The father in this case sought permission to appeal against adoption orders made in respect of two of his children. Findings had been made against both parents in care proceedings regarding the couple's five children. Long term foster care was approved for the three eldest children. The younger two were made subject to placement orders.

During the proceedings the mother gave birth to another child. A paternal aunt put herself forward as a carer for the newborn child. The local authority assessment of her was negative. Prior to the final hearing of the adoption order application, the paternal aunt made clear she should also be considered as a potential carer for the two children now subject to the placement orders.

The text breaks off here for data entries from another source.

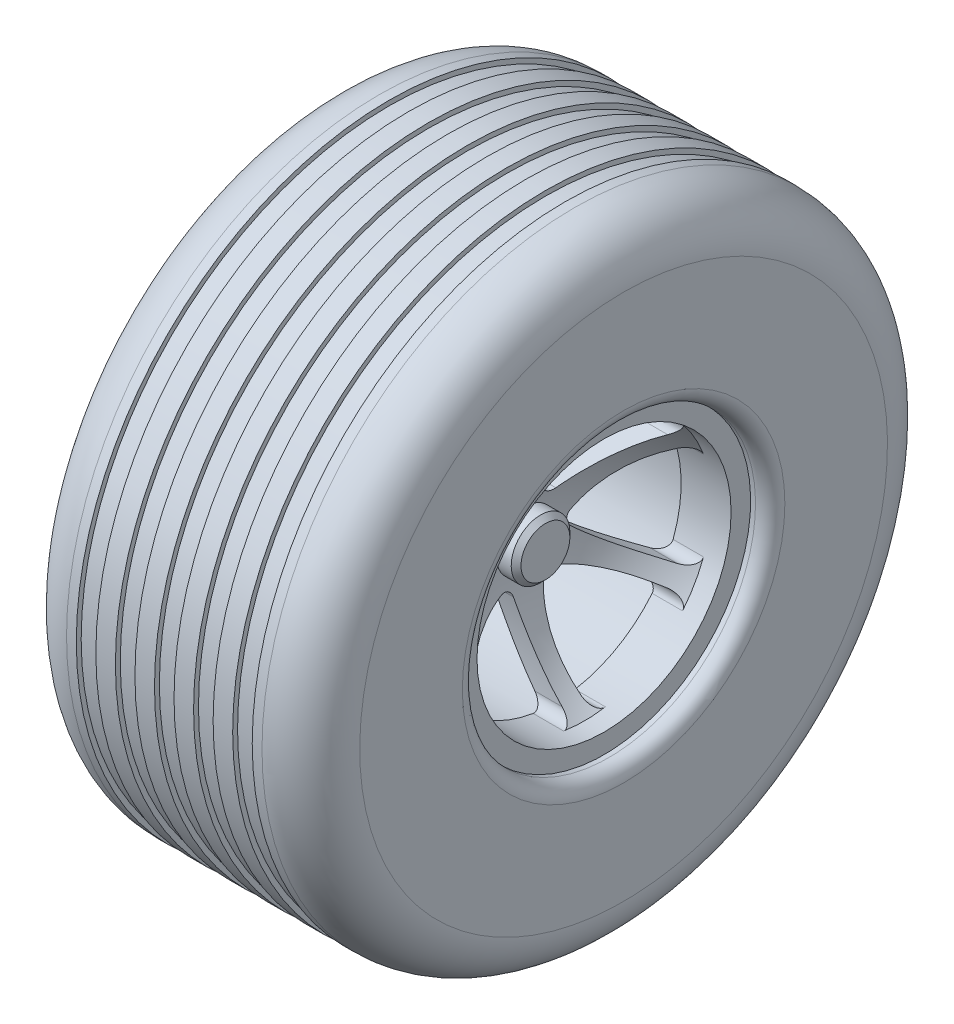
SolidWorks part; units mm, degrees
ref_plane "Front Plane" through (0, 0, 0) normal (0, 0, 1) x (1, 0, 0)
ref_plane "Top Plane" through (0, 0, 0) normal (0, 1, 0) x (1, 0, 0)
ref_plane "Right Plane" through (0, 0, 0) normal (1, 0, 0) x (0, 0, -1)
sketch "Sketch1" plane through (0, 0, 0) normal (0, 0, 1) x (1, 0, 0)
  line L0 (-20, 32) -> (-20, 0) construction
  line L1 (-8, 0) -> (-30, 0)
  line L2 (-13.0998, 3.6239) -> (-11.9316, 3.6239)
  line L3 (-5, 32) -> (-6, 32)
  line L4 (-30, 0) -> (-30, 3)
  line L5 (-30, 3) -> (-15, 3)
  line L6 (-1.5, 15) -> (-2, 15)
  line L7 (-2, 13) -> (-4, 13)
  line L8 (-10, 3) -> (-8, 3)
  line L9 (-26, 13) -> (-28, 13)
  line L10 (0, 13) -> (-30, 13) construction
  line L11 (-30, 16.5) -> (-30, 27)
  line L12 (0, 16.5) -> (0, 27)
  line L13 (-2, 13) -> (-2, 15)
  line L14 (-28, 13) -> (-28, 15)
  line L15 (-28, 15) -> (-28.5, 15)
  line L16 (0, 15) -> (-30, 15) construction
  line L17 (-15, 32) -> (-15, 0) construction
  line L18 (-16, 32) -> (-18, 32)
  line L19 (-12, 31.5) -> (-10, 31.5)
  line L20 (-16, 32) -> (-16, 31.5)
  line L21 (-16, 31.5) -> (-14, 31.5)
  line L22 (-14, 32) -> (-14, 31.5)
  line L23 (-12, 32) -> (-12, 31.5)
  line L24 (-10, 32) -> (-10, 31.5)
  line L25 (-8, 31.5) -> (-6, 31.5)
  line L26 (-8, 32) -> (-8, 31.5)
  line L27 (-6, 32) -> (-6, 31.5)
  line L28 (-18, 31.5) -> (-20, 31.5)
  line L29 (-18, 32) -> (-18, 31.5)
  line L30 (-20, 32) -> (-20, 31.5)
  line L31 (-22, 32) -> (-22, 31.5)
  line L32 (-24, 32) -> (-24, 31.5)
  line L33 (-22, 31.5) -> (-24, 31.5)
  line L34 (-8, 32) -> (-10, 32)
  line L35 (-12, 32) -> (-14, 32)
  line L36 (-20, 32) -> (-22, 32)
  line L37 (-24, 32) -> (-25, 32)
  line L38 (-8, 3) -> (-8, 0)
  line L39 (-5.1609, 14.6286) -> (-24.3429, 14.6286)
  arc A0 (-4, 13) -> (-10, 3) centre (4.4695, 1.1183) ccw
  arc A1 (-26, 13) -> (-15, 3) centre (-29.3199, -1.7019) cw
  arc A2 (-1.5, 15) -> (0, 16.5) centre (-1.5, 16.5) ccw
  arc A3 (-28.5, 15) -> (-30, 16.5) centre (-28.5, 16.5) cw
  arc A4 (0, 27) -> (-5, 32) centre (-5, 27) ccw
  arc A5 (-25, 32) -> (-30, 27) centre (-25, 27) ccw
  arc A6 (-5.1609, 14.6286) -> (-11.9316, 3.6239) centre (4.4695, 1.1183) ccw
  arc A7 (-24.3429, 14.6286) -> (-13.0998, 3.6239) centre (-29.3199, -1.7019) cw
  arc A8 (-25.5595, 14.9509) -> (-13.0998, 3.6239) centre (-29.3199, -1.7019) cw construction
  arc A9 (-5.1609, 14.6286) -> (-11.9833, 3.2579) centre (4.4695, 1.1183) ccw construction
  point P13 (-4, 13)
  point P14 (-10, 3)
  point P18 (-26, 13)
  point P19 (-15, 3)
  point P35 (0, 32)
  point P38 (-30, 32)
  dimension "D5" = 5
  dimension "D1" = 32
  dimension "D2" = 30
  dimension "D3" = 10
  dimension "D4" = 2
  dimension "D7" = 0.5
  dimension "D8" = 2
  dimension "D9" = 2
  dimension "D10" = 2
  dimension "D6" = 2
revolve "Revolve1" add sketch "Sketch1" angle 360 about L1
chamfer "Chamfer1" distance 0.5 angle 45 1 edges at (-8, 3, 0)
sketch "Sketch2" plane through (-2, 0, 0) normal (1, 0, 0) x (0, 0, -1)
  line L0 (0, 15) -> (0, -15) construction
  line L1 (1.2429, 2.7304) -> (1.246, 2.7373)
  line L2 (-15, 0) -> (15, 0) construction
  line L3 (2.8988, 6.368) -> (2.9001, 6.371)
  arc A0 (-2.1435, 12.8221) -> (-10.0325, 8.2674) centre (0, 0) ccw
  arc A1 (2.8106, 3.3839) -> (1.5252, 4.126) centre (2.503, 4.3354) cw
  circle A2 centre (0, 0) radius 15 construction
  arc A3 (-0.9812, 11.9071) -> (-1.5252, 4.126) centre (-28.63, 9.9307) cw
  arc A4 (0.9812, 11.9071) -> (1.5252, 4.126) centre (28.63, 9.9307) ccw
  arc A5 (9.8212, 6.8032) -> (2.8106, 3.3839) centre (-5.7148, 29.7597) cw
  arc A6 (10.8024, 5.1038) -> (4.3358, 0.7421) centre (22.9152, -19.829) ccw
  arc A7 (10.8024, -5.1038) -> (4.3358, -0.7421) centre (22.9152, 19.829) cw
  arc A8 (9.8212, -6.8032) -> (2.8106, -3.3839) centre (-5.7148, -29.7597) ccw
  arc A9 (0.9812, -11.9071) -> (1.5252, -4.126) centre (28.63, -9.9307) cw
  arc A10 (-0.9812, -11.9071) -> (-1.5252, -4.126) centre (-28.63, -9.9307) ccw
  arc A11 (-9.8212, -6.8032) -> (-2.8106, -3.3839) centre (5.7148, -29.7597) cw
  arc A12 (-10.8024, -5.1038) -> (-4.3358, -0.7421) centre (-22.9152, 19.829) ccw
  arc A13 (-10.8024, 5.1038) -> (-4.3358, 0.7421) centre (-22.9152, -19.829) cw
  arc A14 (-9.8212, 6.8032) -> (-2.8106, 3.3839) centre (5.7148, 29.7597) ccw
  arc A15 (-12.176, 4.5547) -> (-12.176, -4.5547) centre (0, 0) ccw
  arc A16 (-10.0325, -8.2674) -> (-2.1435, -12.8221) centre (0, 0) ccw
  arc A17 (2.1435, -12.8221) -> (10.0325, -8.2674) centre (0, 0) ccw
  arc A18 (12.176, -4.5547) -> (12.176, 4.5547) centre (0, 0) ccw
  arc A19 (10.0325, 8.2674) -> (2.1435, 12.8221) centre (0, 0) ccw
  arc A20 (4.3358, -0.7421) -> (4.3358, 0.7421) centre (5.0061, 0) cw
  arc A21 (1.5252, -4.126) -> (2.8106, -3.3839) centre (2.503, -4.3354) cw
  arc A22 (-2.8106, -3.3839) -> (-1.5252, -4.126) centre (-2.503, -4.3354) cw
  arc A23 (-4.3358, 0.7421) -> (-4.3358, -0.7421) centre (-5.0061, 0) cw
  arc A24 (-1.5252, 4.126) -> (-2.8106, 3.3839) centre (-2.503, 4.3354) cw
  arc A25 (0.9812, 11.9071) -> (2.1435, 12.8221) centre (1.9786, 11.8358) cw
  arc A26 (9.8212, 6.8032) -> (10.0325, 8.2674) centre (9.2607, 7.6314) ccw
  arc A27 (10.8024, 5.1038) -> (12.176, 4.5547) centre (11.2394, 4.2043) cw
  arc A28 (10.8024, -5.1038) -> (12.176, -4.5547) centre (11.2394, -4.2043) ccw
  arc A29 (9.8212, -6.8032) -> (10.0325, -8.2674) centre (9.2607, -7.6314) cw
  arc A30 (0.9812, -11.9071) -> (2.1435, -12.8221) centre (1.9786, -11.8358) ccw
  arc A31 (-0.9812, -11.9071) -> (-2.1435, -12.8221) centre (-1.9786, -11.8358) cw
  arc A32 (-9.8212, -6.8032) -> (-10.0325, -8.2674) centre (-9.2607, -7.6314) ccw
  arc A33 (-10.8024, -5.1038) -> (-12.176, -4.5547) centre (-11.2394, -4.2043) cw
  arc A34 (-10.8024, 5.1038) -> (-12.176, 4.5547) centre (-11.2394, 4.2043) ccw
  arc A35 (-9.8212, 6.8032) -> (-10.0325, 8.2674) centre (-9.2607, 7.6314) cw
  arc A36 (-0.9812, 11.9071) -> (-2.1435, 12.8221) centre (-1.9786, 11.8358) ccw
  point P37 (3.5458, 0)
  point P54 (-3.5458, 0)
  point P59 (1.0761, 12.9554)
  point P82 (-1.0761, 12.9554)
  dimension "D1" = 1
  dimension "D2" = 1
extrude "Cut-Extrude2" cut sketch "Sketch2" against normal blind 40

The trial judge made the adoption orders, but gave father permission to appeal. The Court of Appeal, with Munby P writing the main judgment, set aside the adoption orders. The Court of Appeal identified several problems. The first, and perhaps most important, is that the trial judge made the adoption orders without complying with R. 14.15 of the FPR 2010. That rule requires an order setting down an adoption application for hearing to set out clearly the nature of the application to be heard and the orders to be sought.2

Munby P and the Court also held that it was wrong for the trial judge to consider the father's application for permission under s.47(5) and the adoption application at the same hearing on the same day. A President's Guidance in 2008 had specifically recommended that this not be done. See also Re B (A Child) [2013] EWCA Civ 421, CA, where McFarlane LJ criticised the practice, and Re W (A Child) (Adoption Order: leave to oppose) [2013] EWCA Civ 1177, [2014] 1 WLR 1993, at paras 30 and 31, which Munby P sets out in full in Re W.

But Munby P and the panel of the Court of Appeal also believed the trial judge should have considered whether the aunt's change of position regarding an offer to care for the two children subject to the application was a "change of circumstances."    The trial judge had a duty to consider whether the aunt's change was a sufficient change of circumstances to convince the court to grant the father permission under s.47(5) of the Adoption and Children Act 2002 to seek to oppose the making of the order. The trial court had simply failed to address the issue at all in her judgment.

Again, the case shows the importance (at least to some panels of the Court of Appeal) of making certain that all birth family members are considered and ruled out as reasonable prospects prior to the court making adoption orders. In this case, the aunt had already been negatively assessed as a potential carer for one child. She now sought to care for two. The judge hearing any adoption application must nevertheless go through in his or her judgment the reason why this change in circumstance is not sufficient to justify granting to the father permission to oppose the making of the adoption order. At the least, the trial judge must address the issue.

Given that the trial judge failed to address the issue at all, it is difficult to draw lessons from the Court of Appeal's judgment. It may well be that the Court would have approved the order, had the trial judge simply addressed the issue and given reasons for deciding that the aunt's new proposal was not a sufficient change in circumstances to justify making the father a party. It does show, however, that when considering adoption applications, courts must take care not only to see that justice is done, but to make certain that justice appears to be done.

In fact, this proposition has been a part of the law of this jurisdiction prior to the Children Act 1989's enactment. See J v C [1970] AC 668, HL, where the House of Lords held that there is no presumption in favour of a birth parent who was seeking return of a child from non-family members with whom the child had been placed some years previously.
[2] The Court of Appeal also believed the trial judge got it wrong when she attempted to make a provisional adoption order, dependent upon the child being circumcised prior to the adoption order being made. That "condition precedent" made the proposed order unlawful, the Court of Appeal held. In particular with an order that will change a child's legal status, care must be taken with regard  to the effective date of the order.